** WORKING DATA follows **
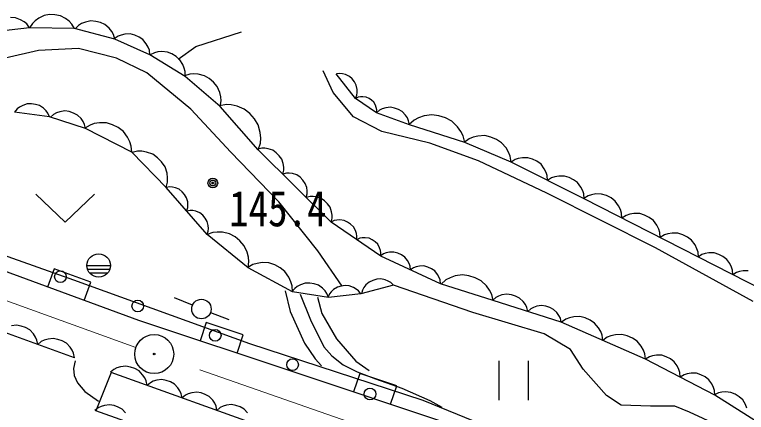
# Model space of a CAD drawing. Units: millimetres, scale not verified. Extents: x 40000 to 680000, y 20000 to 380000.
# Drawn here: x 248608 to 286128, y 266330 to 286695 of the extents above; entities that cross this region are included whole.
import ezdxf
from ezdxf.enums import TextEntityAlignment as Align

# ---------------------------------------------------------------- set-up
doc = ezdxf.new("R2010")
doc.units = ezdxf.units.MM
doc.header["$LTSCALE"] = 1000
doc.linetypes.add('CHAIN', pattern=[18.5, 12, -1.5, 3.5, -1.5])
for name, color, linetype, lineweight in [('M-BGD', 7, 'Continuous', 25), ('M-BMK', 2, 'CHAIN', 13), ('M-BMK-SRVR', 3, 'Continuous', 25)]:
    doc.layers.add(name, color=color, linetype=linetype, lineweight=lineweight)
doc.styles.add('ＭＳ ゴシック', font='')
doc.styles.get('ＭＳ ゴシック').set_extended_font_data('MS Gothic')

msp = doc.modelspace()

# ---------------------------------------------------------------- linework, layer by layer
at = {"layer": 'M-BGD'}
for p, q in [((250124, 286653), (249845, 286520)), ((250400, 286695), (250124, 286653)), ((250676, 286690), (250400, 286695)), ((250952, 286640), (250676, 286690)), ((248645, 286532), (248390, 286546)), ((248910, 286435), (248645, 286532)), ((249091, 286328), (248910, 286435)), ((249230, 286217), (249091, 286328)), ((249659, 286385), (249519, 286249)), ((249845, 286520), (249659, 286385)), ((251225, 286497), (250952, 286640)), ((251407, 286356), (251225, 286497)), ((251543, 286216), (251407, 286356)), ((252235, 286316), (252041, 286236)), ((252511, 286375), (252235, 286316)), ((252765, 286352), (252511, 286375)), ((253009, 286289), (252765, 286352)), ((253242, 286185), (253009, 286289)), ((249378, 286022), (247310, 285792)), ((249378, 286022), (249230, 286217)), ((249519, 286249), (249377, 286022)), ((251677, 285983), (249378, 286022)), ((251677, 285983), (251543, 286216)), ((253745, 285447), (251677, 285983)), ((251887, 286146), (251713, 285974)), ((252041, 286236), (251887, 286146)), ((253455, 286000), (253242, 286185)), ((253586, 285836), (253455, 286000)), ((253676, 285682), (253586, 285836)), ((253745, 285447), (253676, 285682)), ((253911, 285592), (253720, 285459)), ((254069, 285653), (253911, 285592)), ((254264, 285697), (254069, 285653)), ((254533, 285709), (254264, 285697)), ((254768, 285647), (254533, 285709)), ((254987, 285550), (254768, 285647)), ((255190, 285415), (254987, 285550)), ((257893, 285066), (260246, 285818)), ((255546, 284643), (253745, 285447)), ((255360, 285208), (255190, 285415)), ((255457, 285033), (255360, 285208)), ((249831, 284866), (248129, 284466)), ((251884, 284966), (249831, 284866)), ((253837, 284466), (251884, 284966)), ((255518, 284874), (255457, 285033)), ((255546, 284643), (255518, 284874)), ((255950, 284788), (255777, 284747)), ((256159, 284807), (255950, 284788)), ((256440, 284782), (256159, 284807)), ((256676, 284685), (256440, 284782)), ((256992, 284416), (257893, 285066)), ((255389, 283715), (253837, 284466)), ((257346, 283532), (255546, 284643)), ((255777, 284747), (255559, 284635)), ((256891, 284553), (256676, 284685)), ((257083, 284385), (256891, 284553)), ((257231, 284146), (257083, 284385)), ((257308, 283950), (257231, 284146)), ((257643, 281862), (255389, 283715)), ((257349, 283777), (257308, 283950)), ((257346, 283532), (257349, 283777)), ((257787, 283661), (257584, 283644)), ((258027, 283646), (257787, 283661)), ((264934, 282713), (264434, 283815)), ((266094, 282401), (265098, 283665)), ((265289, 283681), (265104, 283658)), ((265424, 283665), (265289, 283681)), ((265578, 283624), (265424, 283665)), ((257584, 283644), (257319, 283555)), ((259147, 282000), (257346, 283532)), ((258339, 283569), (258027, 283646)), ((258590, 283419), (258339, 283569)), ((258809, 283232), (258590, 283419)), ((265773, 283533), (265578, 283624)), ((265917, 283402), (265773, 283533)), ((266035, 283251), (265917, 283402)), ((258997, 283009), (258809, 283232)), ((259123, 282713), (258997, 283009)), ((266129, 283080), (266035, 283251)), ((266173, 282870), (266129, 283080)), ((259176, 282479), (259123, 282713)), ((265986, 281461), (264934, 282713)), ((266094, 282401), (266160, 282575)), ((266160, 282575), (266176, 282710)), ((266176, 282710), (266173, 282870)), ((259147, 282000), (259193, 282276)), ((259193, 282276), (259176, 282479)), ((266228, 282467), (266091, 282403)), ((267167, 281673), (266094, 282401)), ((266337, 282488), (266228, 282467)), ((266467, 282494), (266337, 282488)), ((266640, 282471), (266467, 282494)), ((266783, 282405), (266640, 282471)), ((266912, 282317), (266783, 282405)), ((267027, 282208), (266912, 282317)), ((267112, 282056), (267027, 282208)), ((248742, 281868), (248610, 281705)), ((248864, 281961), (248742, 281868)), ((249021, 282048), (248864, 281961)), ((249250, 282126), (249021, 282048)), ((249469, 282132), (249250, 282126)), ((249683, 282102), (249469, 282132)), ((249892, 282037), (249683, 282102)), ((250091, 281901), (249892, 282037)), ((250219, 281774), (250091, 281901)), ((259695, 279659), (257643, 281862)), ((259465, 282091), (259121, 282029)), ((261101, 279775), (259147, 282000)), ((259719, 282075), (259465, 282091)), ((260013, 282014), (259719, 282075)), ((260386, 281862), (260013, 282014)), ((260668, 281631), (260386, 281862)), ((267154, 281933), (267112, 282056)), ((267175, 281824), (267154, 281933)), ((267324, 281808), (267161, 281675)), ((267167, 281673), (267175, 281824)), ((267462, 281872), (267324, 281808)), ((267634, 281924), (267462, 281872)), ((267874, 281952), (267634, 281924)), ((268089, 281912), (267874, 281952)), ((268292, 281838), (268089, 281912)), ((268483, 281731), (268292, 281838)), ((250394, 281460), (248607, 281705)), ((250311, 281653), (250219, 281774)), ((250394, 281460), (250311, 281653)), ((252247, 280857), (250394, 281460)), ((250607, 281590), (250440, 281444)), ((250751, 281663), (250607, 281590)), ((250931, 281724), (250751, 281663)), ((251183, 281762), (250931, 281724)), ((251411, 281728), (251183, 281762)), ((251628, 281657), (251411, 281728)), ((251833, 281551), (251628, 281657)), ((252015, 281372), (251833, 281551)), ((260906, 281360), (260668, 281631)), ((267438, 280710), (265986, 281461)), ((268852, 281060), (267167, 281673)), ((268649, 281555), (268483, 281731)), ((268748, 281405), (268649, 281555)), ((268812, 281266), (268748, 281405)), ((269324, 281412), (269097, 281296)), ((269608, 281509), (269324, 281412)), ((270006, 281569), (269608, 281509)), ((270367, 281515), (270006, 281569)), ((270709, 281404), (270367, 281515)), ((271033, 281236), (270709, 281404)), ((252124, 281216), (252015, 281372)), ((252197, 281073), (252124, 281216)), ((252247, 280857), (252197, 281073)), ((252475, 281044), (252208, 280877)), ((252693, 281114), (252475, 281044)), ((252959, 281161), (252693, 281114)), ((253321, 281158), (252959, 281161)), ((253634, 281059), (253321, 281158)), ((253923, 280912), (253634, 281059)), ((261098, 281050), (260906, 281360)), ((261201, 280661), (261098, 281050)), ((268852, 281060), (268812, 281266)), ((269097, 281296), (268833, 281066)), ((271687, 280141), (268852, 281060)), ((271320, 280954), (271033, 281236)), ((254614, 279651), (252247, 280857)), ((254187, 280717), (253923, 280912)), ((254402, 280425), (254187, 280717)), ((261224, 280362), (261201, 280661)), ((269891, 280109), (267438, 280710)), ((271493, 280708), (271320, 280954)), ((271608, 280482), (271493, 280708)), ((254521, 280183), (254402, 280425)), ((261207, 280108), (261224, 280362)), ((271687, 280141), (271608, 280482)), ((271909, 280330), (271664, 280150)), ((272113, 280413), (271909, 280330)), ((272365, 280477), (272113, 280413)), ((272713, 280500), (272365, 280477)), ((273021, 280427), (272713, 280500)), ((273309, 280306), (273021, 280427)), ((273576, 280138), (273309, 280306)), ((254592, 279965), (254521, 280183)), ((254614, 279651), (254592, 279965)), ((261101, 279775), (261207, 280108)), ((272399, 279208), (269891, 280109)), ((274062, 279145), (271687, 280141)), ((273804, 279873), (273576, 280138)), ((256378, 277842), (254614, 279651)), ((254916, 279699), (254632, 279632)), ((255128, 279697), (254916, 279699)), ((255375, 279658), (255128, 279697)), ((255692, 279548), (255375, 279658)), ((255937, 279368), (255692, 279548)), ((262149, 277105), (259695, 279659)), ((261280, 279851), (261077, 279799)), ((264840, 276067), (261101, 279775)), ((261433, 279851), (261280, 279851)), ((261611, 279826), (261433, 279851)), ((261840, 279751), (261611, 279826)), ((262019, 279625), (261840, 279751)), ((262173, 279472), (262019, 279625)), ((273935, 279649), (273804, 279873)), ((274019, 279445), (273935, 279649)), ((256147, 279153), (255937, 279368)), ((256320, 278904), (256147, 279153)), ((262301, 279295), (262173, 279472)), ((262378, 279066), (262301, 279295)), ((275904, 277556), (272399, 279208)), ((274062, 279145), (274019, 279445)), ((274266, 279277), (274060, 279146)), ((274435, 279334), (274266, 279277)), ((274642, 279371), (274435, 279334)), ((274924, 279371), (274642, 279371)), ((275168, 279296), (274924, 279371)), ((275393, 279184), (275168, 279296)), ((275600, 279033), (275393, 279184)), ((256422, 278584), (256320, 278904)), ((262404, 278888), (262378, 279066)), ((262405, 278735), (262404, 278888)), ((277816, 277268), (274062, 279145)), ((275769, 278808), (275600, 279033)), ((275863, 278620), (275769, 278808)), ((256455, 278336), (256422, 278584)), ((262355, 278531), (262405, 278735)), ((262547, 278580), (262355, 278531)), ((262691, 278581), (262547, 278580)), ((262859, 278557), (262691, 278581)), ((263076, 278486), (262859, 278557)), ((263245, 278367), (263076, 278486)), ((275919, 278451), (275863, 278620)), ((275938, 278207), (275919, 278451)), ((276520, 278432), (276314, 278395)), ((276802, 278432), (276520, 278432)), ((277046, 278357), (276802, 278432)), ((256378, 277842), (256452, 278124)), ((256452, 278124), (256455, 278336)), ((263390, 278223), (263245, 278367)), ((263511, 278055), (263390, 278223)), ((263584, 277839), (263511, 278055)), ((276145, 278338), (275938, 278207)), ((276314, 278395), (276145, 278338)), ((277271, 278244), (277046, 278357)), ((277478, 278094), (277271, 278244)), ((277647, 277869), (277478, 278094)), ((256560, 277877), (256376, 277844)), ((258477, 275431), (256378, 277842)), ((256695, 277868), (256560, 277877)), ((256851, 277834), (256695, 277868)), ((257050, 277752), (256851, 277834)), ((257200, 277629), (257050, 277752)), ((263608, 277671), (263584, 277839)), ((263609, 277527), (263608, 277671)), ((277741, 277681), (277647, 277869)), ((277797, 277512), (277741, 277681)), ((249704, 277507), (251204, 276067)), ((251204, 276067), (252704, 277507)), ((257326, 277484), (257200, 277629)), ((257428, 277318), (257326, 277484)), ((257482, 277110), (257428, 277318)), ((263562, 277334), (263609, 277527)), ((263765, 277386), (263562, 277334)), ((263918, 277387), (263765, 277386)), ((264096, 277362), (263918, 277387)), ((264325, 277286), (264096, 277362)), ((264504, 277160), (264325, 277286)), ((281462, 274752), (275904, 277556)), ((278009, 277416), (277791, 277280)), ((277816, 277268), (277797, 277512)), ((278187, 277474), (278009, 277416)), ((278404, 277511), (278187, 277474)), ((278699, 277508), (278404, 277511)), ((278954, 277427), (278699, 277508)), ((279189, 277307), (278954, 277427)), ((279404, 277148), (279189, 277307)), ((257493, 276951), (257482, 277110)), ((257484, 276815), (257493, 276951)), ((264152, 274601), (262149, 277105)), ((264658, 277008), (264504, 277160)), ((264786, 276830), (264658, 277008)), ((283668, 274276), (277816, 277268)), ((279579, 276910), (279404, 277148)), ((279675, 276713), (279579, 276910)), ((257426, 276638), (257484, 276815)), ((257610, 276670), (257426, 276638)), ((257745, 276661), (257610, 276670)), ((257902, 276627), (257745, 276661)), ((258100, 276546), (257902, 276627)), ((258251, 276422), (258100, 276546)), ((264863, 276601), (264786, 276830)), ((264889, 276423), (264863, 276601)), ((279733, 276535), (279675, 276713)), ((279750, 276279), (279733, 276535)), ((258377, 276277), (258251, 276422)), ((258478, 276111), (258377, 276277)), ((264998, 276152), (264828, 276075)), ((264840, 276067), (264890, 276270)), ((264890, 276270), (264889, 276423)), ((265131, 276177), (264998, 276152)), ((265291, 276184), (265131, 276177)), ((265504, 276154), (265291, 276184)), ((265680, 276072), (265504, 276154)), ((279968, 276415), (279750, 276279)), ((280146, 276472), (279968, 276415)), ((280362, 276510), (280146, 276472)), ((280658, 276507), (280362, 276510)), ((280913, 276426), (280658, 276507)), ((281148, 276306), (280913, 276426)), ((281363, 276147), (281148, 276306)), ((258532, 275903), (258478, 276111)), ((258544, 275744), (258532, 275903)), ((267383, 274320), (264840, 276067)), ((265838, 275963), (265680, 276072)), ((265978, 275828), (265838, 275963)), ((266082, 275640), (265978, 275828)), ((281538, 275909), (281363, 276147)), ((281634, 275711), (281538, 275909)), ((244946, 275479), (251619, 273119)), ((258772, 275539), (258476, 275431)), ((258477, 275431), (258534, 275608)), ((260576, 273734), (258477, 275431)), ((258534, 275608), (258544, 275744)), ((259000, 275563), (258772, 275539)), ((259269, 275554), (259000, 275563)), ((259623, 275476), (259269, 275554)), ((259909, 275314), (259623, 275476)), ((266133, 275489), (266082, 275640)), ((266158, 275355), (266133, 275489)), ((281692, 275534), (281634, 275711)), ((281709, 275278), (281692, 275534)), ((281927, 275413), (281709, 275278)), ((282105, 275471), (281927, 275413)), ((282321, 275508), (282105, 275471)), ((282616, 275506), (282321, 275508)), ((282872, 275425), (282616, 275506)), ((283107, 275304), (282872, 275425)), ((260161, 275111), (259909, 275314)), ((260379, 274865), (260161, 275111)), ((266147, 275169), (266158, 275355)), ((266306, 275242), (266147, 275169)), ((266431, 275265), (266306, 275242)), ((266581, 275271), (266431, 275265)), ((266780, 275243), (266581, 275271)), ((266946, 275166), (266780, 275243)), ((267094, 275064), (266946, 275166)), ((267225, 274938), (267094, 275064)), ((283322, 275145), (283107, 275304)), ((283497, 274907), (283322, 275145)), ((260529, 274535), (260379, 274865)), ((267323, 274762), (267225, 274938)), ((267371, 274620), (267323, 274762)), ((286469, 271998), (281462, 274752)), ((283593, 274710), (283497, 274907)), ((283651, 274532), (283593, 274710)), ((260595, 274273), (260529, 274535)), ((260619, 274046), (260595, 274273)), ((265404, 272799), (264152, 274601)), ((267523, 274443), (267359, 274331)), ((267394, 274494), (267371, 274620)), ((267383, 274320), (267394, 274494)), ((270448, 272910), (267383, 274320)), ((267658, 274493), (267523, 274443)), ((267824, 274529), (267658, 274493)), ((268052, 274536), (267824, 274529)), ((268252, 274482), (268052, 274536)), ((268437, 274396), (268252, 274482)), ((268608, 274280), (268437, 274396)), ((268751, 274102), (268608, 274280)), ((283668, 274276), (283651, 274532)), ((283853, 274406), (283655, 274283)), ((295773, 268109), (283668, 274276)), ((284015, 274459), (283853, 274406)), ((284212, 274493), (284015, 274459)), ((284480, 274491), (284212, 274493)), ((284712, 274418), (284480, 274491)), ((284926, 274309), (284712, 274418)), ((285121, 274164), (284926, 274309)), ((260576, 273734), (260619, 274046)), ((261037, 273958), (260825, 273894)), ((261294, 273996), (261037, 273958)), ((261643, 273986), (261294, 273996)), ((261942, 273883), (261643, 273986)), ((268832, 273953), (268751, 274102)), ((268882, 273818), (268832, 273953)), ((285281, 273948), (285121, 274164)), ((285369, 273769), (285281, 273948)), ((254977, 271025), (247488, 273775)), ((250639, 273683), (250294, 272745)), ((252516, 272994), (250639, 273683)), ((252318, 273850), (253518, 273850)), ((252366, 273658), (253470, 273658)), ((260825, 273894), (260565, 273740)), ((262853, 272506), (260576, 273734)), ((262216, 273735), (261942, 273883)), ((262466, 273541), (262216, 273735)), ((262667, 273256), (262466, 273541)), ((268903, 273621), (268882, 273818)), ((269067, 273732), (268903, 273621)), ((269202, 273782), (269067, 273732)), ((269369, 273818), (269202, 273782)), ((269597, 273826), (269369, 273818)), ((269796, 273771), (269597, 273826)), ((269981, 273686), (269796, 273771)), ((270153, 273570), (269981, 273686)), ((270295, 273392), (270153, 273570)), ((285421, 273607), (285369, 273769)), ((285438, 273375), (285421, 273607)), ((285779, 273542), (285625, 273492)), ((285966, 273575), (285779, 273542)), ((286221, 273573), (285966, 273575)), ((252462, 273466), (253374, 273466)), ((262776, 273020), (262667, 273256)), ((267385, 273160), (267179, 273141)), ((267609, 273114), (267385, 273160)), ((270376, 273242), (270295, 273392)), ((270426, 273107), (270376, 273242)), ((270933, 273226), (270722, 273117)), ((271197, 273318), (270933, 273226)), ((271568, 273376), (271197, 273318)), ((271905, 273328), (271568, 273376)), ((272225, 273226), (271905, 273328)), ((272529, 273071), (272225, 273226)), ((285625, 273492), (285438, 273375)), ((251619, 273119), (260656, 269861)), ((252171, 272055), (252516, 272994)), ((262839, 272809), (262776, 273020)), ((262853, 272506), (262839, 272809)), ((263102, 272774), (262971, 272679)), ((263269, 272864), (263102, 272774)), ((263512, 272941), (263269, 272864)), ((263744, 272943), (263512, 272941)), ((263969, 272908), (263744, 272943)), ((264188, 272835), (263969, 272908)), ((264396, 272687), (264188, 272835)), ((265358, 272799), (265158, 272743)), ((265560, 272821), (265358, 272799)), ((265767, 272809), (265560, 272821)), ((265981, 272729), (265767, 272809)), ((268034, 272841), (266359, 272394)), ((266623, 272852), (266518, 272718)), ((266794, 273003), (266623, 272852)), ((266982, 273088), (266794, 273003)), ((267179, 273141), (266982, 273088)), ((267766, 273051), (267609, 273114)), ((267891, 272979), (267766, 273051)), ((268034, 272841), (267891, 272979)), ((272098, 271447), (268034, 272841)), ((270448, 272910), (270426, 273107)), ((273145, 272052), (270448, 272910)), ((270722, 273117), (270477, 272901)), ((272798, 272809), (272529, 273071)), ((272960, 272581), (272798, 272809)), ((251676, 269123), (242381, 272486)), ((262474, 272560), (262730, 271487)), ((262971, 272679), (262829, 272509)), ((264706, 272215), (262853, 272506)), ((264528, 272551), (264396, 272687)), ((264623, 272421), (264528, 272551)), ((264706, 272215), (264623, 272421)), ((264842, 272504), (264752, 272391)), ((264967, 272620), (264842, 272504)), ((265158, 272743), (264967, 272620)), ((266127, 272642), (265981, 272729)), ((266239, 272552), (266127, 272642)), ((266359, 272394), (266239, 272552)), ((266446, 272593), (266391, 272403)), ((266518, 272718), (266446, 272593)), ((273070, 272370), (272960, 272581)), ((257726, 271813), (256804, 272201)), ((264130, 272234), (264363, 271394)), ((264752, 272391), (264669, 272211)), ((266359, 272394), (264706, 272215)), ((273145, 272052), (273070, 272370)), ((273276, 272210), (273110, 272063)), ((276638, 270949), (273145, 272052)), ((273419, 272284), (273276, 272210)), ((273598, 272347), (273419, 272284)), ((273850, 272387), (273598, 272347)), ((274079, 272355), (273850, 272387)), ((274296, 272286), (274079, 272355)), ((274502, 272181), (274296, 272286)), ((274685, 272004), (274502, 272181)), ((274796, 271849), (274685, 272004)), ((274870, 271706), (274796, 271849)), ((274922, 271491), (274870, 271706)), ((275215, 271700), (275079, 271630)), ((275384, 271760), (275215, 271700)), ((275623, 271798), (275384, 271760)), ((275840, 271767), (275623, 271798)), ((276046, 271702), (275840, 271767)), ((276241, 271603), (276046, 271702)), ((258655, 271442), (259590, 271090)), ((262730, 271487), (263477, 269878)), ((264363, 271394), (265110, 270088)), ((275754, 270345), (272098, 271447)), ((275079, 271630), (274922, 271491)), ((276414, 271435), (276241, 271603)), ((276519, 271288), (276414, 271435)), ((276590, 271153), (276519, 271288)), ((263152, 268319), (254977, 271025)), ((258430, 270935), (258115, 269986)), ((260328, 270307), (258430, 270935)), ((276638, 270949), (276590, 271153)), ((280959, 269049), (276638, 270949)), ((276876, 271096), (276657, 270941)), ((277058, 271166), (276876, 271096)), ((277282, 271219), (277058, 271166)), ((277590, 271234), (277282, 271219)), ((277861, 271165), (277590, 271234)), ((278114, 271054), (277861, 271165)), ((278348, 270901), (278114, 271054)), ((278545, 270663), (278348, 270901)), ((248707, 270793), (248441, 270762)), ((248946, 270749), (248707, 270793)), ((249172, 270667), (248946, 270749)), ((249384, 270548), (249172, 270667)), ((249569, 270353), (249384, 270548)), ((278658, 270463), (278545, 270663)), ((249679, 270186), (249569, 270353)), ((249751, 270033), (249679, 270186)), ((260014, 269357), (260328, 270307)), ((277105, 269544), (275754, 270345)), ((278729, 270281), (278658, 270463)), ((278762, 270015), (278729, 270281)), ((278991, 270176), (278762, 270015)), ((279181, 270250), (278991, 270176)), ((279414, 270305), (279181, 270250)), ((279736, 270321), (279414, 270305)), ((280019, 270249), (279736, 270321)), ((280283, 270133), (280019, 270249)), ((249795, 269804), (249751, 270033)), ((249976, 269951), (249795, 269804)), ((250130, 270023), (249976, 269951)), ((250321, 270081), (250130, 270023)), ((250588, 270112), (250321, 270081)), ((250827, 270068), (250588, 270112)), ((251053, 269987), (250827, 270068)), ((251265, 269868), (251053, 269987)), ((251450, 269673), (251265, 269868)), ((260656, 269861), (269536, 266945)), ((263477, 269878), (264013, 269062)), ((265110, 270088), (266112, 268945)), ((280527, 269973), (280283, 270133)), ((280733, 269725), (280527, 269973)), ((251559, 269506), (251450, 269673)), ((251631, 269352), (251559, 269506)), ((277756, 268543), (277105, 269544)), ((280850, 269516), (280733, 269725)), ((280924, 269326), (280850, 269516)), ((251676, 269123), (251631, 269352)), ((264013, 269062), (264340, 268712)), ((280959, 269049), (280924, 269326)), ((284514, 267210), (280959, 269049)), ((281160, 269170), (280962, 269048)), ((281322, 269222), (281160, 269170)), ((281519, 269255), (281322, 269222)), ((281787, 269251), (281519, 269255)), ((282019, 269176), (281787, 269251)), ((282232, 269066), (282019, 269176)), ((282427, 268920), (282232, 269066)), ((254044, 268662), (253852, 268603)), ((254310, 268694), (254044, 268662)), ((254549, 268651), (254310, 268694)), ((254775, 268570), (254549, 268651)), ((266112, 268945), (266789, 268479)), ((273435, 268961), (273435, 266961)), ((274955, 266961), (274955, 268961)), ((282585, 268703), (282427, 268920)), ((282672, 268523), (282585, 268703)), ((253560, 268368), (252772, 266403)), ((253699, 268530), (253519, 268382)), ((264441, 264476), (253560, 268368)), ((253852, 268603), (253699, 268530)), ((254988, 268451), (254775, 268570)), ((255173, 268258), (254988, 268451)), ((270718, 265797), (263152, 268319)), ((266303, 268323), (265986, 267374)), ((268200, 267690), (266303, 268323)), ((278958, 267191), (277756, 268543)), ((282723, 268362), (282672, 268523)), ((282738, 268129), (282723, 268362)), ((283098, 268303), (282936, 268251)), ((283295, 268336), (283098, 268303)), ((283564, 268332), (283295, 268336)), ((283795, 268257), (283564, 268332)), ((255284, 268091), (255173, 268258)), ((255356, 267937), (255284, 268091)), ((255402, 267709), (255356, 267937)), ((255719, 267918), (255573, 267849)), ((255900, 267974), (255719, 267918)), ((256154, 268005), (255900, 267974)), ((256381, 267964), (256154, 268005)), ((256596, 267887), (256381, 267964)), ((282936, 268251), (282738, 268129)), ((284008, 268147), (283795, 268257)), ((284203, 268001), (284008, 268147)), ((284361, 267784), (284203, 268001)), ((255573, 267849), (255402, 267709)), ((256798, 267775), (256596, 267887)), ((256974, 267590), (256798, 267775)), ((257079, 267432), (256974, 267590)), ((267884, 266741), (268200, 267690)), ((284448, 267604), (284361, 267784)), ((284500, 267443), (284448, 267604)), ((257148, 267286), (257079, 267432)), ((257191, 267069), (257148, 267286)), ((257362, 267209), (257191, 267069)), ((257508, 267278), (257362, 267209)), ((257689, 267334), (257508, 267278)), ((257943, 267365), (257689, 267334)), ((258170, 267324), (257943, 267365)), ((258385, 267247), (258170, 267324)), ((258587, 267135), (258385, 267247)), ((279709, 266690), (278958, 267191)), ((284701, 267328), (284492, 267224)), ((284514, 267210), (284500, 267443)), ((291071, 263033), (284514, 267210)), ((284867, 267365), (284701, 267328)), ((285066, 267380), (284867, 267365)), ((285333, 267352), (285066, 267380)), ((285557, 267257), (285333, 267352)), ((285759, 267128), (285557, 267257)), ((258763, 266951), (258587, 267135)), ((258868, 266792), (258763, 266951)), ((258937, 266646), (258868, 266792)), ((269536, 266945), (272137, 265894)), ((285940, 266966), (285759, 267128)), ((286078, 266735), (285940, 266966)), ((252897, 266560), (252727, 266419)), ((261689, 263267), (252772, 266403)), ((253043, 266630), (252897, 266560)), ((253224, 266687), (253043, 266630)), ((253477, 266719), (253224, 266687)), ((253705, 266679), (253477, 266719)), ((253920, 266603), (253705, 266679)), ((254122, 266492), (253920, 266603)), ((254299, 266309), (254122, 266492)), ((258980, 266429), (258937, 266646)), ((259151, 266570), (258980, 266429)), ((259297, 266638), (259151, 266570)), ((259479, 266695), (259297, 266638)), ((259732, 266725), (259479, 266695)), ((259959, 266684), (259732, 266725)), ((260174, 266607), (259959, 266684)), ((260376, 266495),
** End of WORKING DATA **
ACTIVITY:
Please copy the lines in the records above between the one holding "import ezdxf" and the one holding "doc.styles.add('ＭＳ ゴシック', font='')", inclusive, exactly and with no other line.

EXERCISE ANSWER:
import ezdxf
from ezdxf.enums import TextEntityAlignment as Align

# ---------------------------------------------------------------- set-up
doc = ezdxf.new("R2010")
doc.units = ezdxf.units.MM
doc.header["$LTSCALE"] = 1000
doc.linetypes.add('CHAIN', pattern=[18.5, 12, -1.5, 3.5, -1.5])
for name, color, linetype, lineweight in [('M-BGD', 7, 'Continuous', 25), ('M-BMK', 2, 'CHAIN', 13), ('M-BMK-SRVR', 3, 'Continuous', 25)]:
    doc.layers.add(name, color=color, linetype=linetype, lineweight=lineweight)
doc.styles.add('ＭＳ ゴシック', font='')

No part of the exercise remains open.